## ABOUT THIS TASK:
Copy the result of filtering the entries below for lines that include the string "Multiplication".

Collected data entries
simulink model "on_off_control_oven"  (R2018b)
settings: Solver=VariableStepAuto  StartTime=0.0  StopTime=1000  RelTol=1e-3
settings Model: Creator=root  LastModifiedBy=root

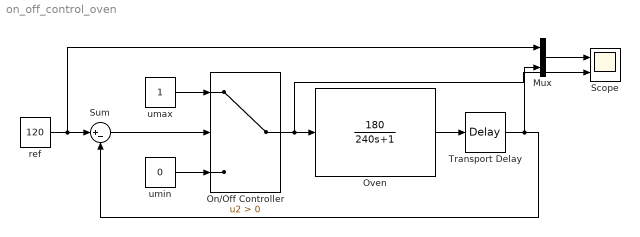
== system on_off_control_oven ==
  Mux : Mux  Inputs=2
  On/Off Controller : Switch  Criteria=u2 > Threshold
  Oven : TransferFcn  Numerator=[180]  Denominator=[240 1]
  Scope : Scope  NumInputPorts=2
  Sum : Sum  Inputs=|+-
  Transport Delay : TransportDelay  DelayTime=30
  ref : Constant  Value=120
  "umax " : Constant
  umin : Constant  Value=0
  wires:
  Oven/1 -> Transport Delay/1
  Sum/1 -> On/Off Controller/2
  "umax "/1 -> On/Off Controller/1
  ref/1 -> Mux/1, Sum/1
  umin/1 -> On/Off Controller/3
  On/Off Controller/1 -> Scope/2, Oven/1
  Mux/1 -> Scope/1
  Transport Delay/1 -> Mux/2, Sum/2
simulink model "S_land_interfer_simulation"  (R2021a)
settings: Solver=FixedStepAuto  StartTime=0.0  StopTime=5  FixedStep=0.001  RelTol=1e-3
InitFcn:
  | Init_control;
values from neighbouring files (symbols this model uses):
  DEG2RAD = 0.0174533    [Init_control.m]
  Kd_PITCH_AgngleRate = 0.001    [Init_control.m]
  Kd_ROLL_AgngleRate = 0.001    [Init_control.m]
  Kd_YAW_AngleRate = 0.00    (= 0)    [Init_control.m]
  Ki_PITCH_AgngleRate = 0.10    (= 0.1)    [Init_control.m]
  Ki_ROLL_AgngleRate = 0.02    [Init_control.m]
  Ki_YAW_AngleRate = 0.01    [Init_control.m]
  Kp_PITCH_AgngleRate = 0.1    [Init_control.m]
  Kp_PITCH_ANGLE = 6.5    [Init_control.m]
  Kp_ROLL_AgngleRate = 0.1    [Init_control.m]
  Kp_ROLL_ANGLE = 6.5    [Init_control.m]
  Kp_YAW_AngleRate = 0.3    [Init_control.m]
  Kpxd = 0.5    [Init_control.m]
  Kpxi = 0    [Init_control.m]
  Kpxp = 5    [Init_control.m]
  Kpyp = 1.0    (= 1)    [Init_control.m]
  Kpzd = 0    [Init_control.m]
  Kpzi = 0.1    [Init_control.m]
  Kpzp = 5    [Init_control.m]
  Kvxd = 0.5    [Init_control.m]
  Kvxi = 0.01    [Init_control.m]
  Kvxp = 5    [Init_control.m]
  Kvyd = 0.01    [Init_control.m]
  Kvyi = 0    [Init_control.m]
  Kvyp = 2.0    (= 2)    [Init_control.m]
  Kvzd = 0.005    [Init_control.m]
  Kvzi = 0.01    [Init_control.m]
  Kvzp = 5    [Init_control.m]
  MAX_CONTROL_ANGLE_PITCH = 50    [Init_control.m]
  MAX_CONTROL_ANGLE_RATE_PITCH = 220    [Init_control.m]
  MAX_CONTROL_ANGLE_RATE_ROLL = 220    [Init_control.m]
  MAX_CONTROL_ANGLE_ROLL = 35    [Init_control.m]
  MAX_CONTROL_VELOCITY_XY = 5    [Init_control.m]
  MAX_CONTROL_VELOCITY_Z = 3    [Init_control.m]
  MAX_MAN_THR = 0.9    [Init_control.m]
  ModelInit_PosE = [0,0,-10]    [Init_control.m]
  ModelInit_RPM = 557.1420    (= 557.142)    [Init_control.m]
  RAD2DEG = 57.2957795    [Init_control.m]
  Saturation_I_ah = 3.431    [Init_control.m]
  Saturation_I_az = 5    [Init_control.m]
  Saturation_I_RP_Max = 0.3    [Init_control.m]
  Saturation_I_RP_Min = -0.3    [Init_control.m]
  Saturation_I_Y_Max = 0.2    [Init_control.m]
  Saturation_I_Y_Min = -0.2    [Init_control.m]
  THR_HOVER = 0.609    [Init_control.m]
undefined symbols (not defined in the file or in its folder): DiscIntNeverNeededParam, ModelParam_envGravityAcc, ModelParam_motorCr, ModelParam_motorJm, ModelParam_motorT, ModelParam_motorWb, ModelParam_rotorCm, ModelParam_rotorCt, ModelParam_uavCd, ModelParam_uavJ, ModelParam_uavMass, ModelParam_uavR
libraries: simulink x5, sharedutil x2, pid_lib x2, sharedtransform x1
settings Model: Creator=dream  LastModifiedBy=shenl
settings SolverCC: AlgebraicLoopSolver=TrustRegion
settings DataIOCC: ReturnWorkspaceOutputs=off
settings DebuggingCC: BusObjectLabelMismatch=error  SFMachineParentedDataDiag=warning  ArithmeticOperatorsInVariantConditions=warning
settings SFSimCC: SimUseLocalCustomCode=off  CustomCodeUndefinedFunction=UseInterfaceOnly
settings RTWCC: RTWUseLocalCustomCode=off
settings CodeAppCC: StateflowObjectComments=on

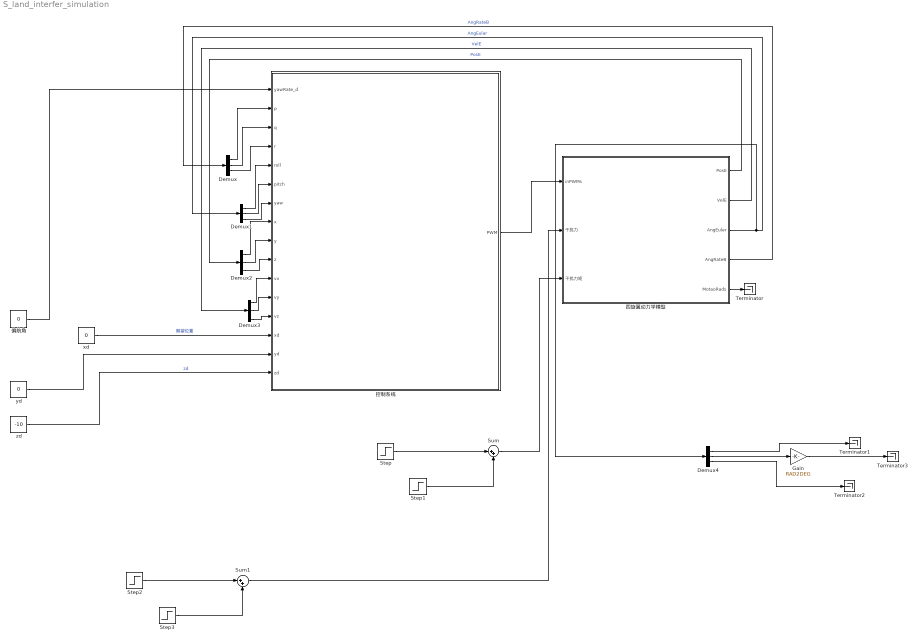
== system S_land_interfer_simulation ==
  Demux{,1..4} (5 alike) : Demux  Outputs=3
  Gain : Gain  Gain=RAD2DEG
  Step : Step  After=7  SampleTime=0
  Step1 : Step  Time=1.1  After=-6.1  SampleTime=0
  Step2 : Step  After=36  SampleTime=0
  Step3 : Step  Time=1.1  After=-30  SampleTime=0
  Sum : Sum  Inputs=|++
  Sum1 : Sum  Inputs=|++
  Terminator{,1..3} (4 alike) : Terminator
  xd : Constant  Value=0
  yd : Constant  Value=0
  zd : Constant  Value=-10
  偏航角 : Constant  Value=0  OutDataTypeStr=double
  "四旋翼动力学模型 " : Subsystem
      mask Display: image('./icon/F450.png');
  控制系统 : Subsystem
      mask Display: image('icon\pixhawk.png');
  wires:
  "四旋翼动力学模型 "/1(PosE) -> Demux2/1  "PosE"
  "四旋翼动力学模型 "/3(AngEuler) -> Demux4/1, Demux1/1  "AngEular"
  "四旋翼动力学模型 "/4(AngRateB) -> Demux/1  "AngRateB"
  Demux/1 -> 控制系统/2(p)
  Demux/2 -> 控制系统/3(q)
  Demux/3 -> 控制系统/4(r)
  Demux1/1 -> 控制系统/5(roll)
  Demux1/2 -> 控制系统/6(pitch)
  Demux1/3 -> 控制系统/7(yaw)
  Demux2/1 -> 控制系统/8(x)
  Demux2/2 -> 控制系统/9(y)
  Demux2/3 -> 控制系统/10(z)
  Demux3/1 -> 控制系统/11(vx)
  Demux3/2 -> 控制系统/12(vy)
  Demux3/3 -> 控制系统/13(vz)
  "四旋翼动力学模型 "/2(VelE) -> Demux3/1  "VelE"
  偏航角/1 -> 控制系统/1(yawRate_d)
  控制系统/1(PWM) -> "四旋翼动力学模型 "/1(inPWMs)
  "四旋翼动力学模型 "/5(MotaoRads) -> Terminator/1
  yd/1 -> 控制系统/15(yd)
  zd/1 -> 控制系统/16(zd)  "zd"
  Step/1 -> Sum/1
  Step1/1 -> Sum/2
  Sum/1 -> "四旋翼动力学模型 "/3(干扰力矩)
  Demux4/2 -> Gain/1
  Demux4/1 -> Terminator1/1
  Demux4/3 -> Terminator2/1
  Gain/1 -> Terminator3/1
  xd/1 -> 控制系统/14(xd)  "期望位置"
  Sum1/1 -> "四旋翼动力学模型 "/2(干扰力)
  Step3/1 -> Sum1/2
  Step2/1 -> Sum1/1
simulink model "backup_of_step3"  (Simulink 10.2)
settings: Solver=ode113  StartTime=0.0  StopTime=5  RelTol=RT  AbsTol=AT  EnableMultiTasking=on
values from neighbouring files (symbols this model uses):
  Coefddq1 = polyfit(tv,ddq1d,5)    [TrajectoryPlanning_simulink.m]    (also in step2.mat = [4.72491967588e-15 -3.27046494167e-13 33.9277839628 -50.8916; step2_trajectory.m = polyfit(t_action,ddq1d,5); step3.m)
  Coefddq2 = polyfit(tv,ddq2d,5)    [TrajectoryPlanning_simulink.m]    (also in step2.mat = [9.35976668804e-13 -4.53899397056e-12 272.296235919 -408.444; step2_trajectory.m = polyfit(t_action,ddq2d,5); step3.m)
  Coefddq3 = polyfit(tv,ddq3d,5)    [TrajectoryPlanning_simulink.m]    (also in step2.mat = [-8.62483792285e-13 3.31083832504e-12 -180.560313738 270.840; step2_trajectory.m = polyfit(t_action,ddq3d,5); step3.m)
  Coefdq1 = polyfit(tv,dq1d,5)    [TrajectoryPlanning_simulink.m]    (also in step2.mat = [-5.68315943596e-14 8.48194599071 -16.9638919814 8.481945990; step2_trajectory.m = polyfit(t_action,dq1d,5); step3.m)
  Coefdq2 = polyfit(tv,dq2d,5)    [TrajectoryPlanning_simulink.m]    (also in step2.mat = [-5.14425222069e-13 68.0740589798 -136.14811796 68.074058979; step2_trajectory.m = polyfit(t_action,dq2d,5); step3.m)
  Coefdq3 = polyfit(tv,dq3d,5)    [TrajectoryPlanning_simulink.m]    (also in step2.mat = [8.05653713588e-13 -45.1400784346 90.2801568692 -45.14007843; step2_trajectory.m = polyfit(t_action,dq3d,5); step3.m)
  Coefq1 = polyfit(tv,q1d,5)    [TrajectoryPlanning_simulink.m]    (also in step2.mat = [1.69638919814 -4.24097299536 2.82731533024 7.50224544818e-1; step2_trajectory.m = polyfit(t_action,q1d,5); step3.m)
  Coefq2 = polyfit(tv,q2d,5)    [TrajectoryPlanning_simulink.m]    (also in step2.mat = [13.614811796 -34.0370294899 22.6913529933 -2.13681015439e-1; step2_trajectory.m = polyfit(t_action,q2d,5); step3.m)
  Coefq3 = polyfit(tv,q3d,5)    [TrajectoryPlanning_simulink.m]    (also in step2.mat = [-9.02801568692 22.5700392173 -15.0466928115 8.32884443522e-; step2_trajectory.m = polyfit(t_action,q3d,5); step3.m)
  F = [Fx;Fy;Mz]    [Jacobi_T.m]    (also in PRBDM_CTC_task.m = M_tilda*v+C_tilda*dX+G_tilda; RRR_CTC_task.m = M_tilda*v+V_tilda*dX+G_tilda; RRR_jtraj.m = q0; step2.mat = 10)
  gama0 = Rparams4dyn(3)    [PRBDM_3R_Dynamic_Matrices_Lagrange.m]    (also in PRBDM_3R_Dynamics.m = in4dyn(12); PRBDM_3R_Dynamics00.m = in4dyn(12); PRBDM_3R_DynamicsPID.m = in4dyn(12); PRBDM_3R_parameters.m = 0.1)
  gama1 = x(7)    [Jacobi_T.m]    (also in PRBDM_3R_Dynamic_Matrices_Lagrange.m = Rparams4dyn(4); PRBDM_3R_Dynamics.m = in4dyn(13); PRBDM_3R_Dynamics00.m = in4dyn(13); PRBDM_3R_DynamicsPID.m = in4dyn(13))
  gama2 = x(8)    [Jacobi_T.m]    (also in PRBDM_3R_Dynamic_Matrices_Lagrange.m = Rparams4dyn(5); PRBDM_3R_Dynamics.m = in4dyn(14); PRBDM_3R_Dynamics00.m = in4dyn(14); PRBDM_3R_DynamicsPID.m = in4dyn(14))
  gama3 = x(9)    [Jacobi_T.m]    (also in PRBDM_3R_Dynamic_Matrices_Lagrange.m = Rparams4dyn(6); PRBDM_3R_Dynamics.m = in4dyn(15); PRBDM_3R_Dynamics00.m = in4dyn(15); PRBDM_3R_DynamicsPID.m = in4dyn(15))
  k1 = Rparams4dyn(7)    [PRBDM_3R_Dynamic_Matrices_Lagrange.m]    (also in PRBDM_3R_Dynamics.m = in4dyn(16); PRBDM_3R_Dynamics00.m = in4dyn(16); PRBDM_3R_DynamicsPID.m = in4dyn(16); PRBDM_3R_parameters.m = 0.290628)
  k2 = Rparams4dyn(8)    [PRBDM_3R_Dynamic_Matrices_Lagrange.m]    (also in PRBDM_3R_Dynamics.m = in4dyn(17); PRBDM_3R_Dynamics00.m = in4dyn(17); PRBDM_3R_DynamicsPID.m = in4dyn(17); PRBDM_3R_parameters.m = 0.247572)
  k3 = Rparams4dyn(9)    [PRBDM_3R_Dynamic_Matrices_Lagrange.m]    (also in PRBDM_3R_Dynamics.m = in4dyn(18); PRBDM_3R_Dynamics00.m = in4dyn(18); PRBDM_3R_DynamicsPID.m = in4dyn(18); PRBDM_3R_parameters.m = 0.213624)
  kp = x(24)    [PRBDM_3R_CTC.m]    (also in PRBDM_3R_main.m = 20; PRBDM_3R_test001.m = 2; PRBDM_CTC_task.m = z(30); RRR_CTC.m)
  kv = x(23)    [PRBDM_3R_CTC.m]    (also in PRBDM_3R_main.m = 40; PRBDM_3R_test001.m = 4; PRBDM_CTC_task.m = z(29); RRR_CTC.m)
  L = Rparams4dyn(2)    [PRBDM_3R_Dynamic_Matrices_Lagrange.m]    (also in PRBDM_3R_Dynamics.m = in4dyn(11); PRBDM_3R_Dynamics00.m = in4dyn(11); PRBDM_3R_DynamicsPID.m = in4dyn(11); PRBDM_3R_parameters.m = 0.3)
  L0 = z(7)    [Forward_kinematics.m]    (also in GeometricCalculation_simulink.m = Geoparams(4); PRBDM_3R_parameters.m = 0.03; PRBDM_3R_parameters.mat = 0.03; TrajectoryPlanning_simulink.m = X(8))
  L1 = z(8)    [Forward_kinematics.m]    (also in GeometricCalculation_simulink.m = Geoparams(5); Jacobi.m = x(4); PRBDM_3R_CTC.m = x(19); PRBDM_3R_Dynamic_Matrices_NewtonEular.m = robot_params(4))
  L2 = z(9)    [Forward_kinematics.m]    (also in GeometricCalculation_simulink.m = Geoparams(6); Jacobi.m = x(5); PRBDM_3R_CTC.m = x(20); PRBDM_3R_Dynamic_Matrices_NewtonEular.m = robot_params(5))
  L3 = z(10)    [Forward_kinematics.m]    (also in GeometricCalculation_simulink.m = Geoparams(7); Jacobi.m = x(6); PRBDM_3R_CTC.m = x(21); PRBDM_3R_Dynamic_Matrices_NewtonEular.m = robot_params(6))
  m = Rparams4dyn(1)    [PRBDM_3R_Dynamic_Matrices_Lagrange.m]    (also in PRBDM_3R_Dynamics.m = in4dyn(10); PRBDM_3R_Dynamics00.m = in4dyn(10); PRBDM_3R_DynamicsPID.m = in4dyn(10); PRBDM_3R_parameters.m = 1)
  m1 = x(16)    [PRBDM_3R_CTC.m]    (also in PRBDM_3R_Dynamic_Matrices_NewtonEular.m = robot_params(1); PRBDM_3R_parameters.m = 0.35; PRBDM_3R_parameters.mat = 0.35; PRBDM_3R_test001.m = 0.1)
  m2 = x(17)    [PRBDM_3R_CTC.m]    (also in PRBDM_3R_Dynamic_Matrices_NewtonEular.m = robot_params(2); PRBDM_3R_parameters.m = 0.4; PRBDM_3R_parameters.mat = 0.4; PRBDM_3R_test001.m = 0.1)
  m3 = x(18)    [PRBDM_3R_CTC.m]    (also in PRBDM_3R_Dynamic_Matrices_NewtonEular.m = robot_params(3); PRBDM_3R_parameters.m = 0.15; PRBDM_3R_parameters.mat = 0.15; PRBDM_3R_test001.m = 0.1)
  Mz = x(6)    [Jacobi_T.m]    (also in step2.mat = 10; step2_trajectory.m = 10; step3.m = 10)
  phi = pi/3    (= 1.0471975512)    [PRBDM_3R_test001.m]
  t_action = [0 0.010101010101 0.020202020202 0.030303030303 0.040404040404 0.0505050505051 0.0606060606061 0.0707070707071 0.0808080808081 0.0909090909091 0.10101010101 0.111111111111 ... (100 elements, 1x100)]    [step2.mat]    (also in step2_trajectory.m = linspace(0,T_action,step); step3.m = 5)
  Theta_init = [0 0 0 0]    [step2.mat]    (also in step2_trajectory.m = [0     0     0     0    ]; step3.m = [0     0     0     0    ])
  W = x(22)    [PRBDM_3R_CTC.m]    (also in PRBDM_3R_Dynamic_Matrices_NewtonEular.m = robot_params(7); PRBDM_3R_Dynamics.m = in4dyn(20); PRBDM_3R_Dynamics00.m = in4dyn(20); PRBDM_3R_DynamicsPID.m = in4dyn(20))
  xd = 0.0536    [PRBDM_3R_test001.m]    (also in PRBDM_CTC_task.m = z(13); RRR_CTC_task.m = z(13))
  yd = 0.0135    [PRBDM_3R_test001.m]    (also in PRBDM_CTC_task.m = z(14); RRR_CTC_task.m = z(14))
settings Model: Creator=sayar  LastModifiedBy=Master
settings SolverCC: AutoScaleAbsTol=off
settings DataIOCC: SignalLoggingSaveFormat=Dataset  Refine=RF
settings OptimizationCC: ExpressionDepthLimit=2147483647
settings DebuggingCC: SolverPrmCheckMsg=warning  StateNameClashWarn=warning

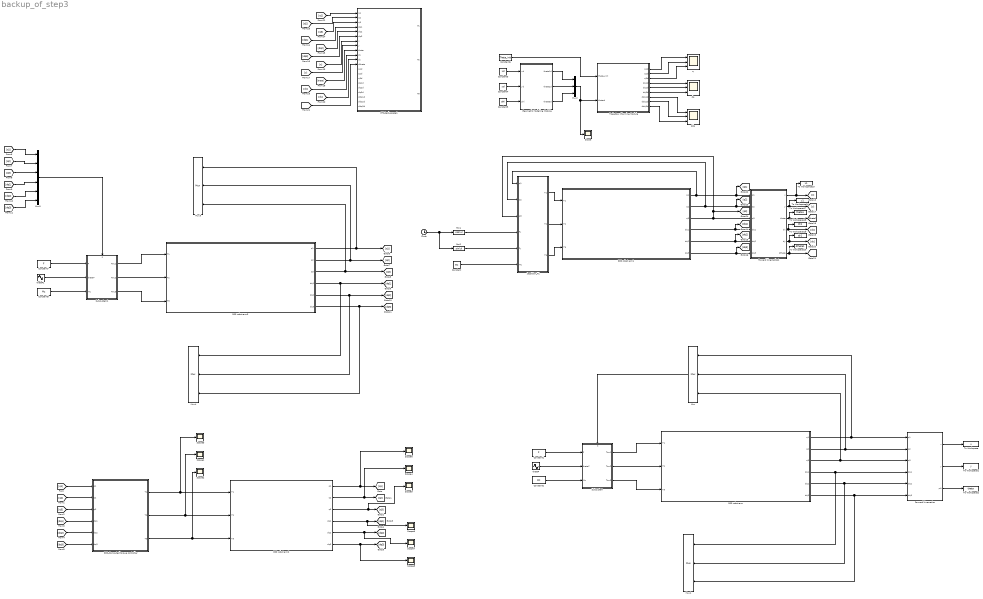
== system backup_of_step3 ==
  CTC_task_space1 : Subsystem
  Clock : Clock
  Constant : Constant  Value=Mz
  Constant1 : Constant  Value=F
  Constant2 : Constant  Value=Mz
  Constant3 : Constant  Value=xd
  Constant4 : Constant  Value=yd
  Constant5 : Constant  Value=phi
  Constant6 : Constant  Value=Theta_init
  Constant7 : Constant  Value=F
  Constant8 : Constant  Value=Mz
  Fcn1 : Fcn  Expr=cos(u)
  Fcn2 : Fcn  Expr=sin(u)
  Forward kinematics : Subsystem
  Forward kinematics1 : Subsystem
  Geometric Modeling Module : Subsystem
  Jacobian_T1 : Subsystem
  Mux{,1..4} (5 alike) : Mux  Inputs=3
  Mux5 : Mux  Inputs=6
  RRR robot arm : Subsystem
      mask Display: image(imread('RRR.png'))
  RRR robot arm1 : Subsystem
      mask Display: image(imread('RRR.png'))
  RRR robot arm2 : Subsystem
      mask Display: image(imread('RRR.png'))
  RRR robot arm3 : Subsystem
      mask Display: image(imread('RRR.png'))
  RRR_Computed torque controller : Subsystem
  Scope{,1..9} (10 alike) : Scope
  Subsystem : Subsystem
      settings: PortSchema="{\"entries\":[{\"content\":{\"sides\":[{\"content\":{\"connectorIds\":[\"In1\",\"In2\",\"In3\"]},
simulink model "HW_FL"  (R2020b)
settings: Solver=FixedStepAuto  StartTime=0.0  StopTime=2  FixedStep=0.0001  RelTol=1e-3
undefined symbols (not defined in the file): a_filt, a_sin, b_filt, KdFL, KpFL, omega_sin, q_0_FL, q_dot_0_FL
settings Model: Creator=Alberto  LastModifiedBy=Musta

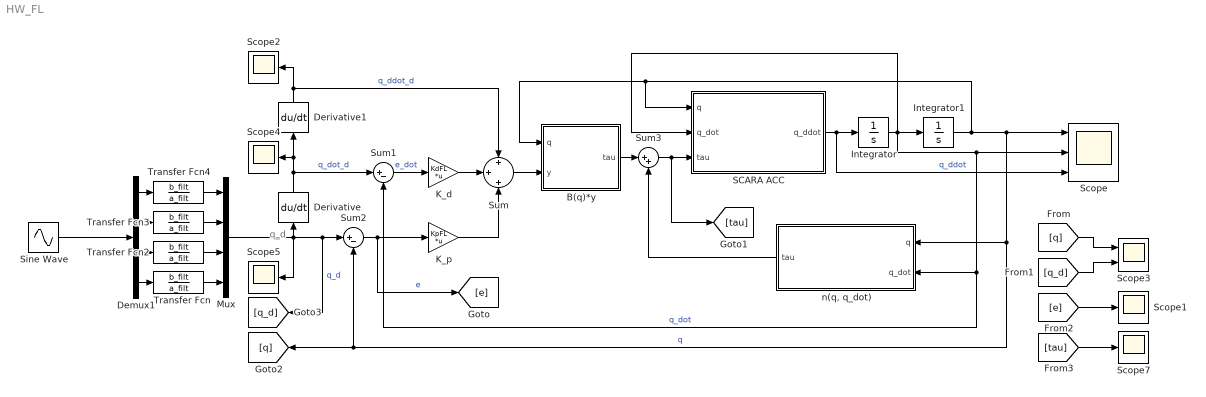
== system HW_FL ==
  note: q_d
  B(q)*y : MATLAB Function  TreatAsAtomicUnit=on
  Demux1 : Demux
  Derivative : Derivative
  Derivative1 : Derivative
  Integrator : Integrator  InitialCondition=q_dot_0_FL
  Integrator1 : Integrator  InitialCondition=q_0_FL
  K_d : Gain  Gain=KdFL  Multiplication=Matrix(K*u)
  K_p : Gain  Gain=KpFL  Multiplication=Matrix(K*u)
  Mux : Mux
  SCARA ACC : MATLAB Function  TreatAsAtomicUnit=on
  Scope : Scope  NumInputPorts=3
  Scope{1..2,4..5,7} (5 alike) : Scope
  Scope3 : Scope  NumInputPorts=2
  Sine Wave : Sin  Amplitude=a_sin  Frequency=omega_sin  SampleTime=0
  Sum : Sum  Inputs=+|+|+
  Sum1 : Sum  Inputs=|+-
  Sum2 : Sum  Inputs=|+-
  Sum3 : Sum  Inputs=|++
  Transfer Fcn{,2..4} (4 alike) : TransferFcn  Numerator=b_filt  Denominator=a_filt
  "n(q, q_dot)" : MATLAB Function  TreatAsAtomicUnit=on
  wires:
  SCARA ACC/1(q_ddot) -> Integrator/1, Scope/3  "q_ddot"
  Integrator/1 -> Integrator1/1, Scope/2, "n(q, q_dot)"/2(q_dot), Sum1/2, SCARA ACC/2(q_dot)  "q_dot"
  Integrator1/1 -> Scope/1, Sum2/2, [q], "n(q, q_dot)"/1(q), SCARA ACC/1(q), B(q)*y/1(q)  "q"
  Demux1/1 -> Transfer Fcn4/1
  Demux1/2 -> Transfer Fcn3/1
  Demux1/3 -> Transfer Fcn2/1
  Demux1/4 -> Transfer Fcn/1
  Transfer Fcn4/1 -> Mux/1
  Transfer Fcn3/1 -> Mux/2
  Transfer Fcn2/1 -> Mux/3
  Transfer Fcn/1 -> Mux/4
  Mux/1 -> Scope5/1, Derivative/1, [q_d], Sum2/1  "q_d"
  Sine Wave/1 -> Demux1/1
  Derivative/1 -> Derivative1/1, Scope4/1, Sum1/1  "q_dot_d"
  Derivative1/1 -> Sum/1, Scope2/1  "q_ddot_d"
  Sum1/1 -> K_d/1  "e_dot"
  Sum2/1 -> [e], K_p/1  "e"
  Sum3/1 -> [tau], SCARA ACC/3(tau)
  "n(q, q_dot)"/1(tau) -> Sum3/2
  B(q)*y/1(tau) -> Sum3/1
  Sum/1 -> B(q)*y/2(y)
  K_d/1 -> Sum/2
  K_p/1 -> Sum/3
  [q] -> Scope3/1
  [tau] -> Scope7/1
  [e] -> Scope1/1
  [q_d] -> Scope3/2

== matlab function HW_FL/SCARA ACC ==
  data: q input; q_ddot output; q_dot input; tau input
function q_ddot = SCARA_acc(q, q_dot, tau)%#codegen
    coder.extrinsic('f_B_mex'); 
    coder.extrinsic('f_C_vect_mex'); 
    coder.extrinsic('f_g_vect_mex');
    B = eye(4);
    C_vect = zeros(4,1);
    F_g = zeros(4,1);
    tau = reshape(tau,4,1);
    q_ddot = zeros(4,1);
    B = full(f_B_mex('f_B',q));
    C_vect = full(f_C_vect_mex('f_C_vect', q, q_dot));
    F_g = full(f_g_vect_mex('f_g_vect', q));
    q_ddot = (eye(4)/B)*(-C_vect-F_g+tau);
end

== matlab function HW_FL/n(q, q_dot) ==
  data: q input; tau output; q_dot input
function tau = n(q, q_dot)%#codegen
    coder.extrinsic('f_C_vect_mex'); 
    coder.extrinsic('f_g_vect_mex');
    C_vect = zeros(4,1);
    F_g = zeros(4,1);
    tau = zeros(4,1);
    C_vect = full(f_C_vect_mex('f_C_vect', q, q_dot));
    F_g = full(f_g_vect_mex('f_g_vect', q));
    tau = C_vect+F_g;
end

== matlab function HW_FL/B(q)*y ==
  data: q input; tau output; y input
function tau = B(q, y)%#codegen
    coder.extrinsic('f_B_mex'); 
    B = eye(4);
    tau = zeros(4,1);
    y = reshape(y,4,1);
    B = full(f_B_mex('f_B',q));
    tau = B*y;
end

## RESULT OF THIS TASK:
  K_d : Gain  Gain=KdFL  Multiplication=Matrix(K*u)
  K_p : Gain  Gain=KpFL  Multiplication=Matrix(K*u)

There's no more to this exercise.